# Lizards > General Geckos >  first aussie hatchling!

## mlededee

remember these two?




one of the eggs from their first clutch (with me) hatched out tonight! this is the first australian gecko (strophurus williamsi) i have hatched.  :Very Happy:

----------


## stangs13

Holy cow!! Don't loose him!! LOL. He looks like the little house geckos we find her... So small!

----------


## Patrick Long

wow, emily, that is awesome. MAJOR congrats.

are the other eggs going to hatch?

----------


## Kristy

Congrats Emily. Those geckos are so cool, and how cute is that little  guy!!! 

How long do they take to incubate?

----------


## mlededee

> Holy cow!! Don't loose him!! ... So small!


small yes, but somehow, not quite as small as i expected.  :Smile: 




> wow, emily, that is awesome. MAJOR congrats.
> 
> are the other eggs going to hatch?


thanks! the other eggs should hatch. so far they are all fertile and growing. i did have one clutch that molded right away, so i am guessing those were either not fertile or somehow bad.

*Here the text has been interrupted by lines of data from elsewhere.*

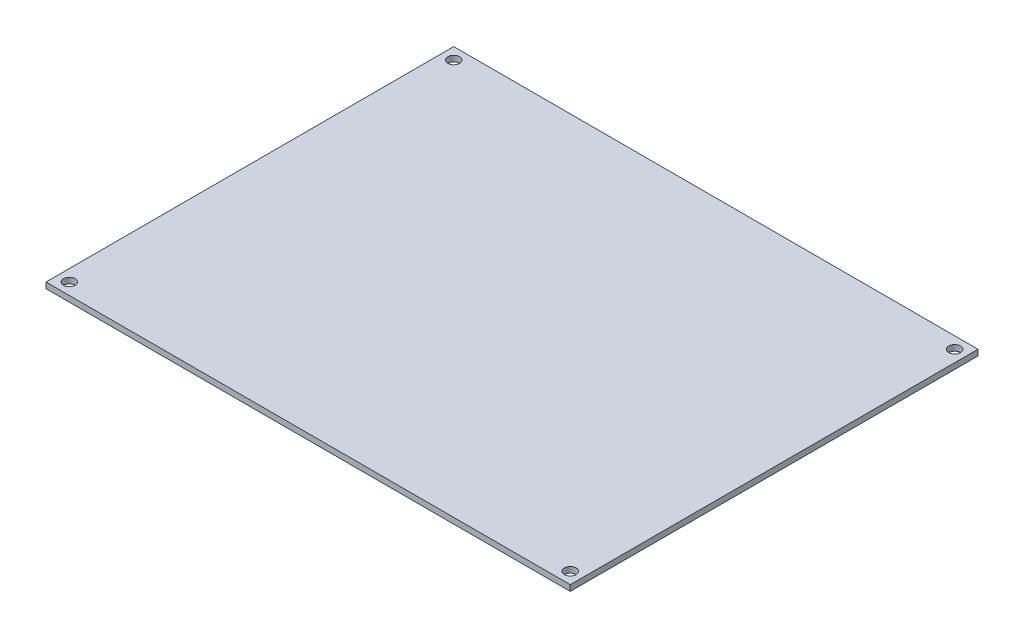
from build123d import *

# Parameters (mm, degrees)
SKETCH1_W           = 90
SKETCH1_H           = 70
BOSS_EXTRUDE1_DEPTH = 1
SKETCH2_R           = 1
CUT_EXTRUDE1_DEPTH  = 10


with BuildPart() as part:
    # Sketch1 → Boss-Extrude1 (new body)
    with BuildSketch(Plane(origin=(0, 0, 0), x_dir=(1, 0, 0), z_dir=(0, 1, 0))):
        with Locations((45, 35)):
            Rectangle(SKETCH1_W, SKETCH1_H)
    extrude(amount=BOSS_EXTRUDE1_DEPTH)

    # Sketch2 → Cut-Extrude1 (cut)
    with BuildSketch(Plane(origin=(0, 1, 0), x_dir=(1, 0, 0), z_dir=(0, 1, 0))):
        with Locations(Location((88, 68, 0), (0, 0, 270))):
            Circle(SKETCH2_R)
        with Locations(Location((88, 2, 0), (0, 0, 270))):
            Circle(SKETCH2_R)
        with Locations(Location((2, 2, 0), (0, 0, 270))):
            Circle(SKETCH2_R)
        with Locations(Location((2, 68, 0), (0, 0, 270))):
            Circle(SKETCH2_R)
    extrude(amount=-CUT_EXTRUDE1_DEPTH, mode=Mode.SUBTRACT)


solid = part.part

> Congrats Emily. Those geckos are so cool, and how cute is that little  guy!!! 
> 
> How long do they take to incubate?


he is WAY cute.  :Razz:  this one incubated for about 100 days at 73-76 degrees (room temp). depending on the temps they usually incubate anywhere from 70-120 days.

----------


## Brett89

Those are deffinitely cool. Congrats. It's always exciting to hatch something new isn't it?

----------


## Kristy

He is so teeny. 

So they are kind of like cresties then as far as incubation. Don't you love waiting lol.

----------


## Laooda

:Dancin' Banana:  :Dancin' Banana:  :Dancin' Banana:   Congrats Emily!!!   That little booger is WAY cute!  :Razz:

----------


## Blu Mongoose

That is so cute! I couldn't hold one of them, I would be afraid I would accidently kill it. 
Just so tiny. :Smile:

----------


## cassandra

So tiny! How big are Mom and Dad?

----------


## Stewart_Reptiles

Those are so small and so cute, congrats Emily  :Good Job: .

----------


## mlededee

> Those are deffinitely cool. Congrats. It's always exciting to hatch something new isn't it?


yes!




> He is so teeny. 
> 
> So they are kind of like cresties then as far as incubation. Don't you love waiting lol.


they are similar but they do take longer to hatch. you should see the eggs when they are first layed--they are about the size of tic tacs!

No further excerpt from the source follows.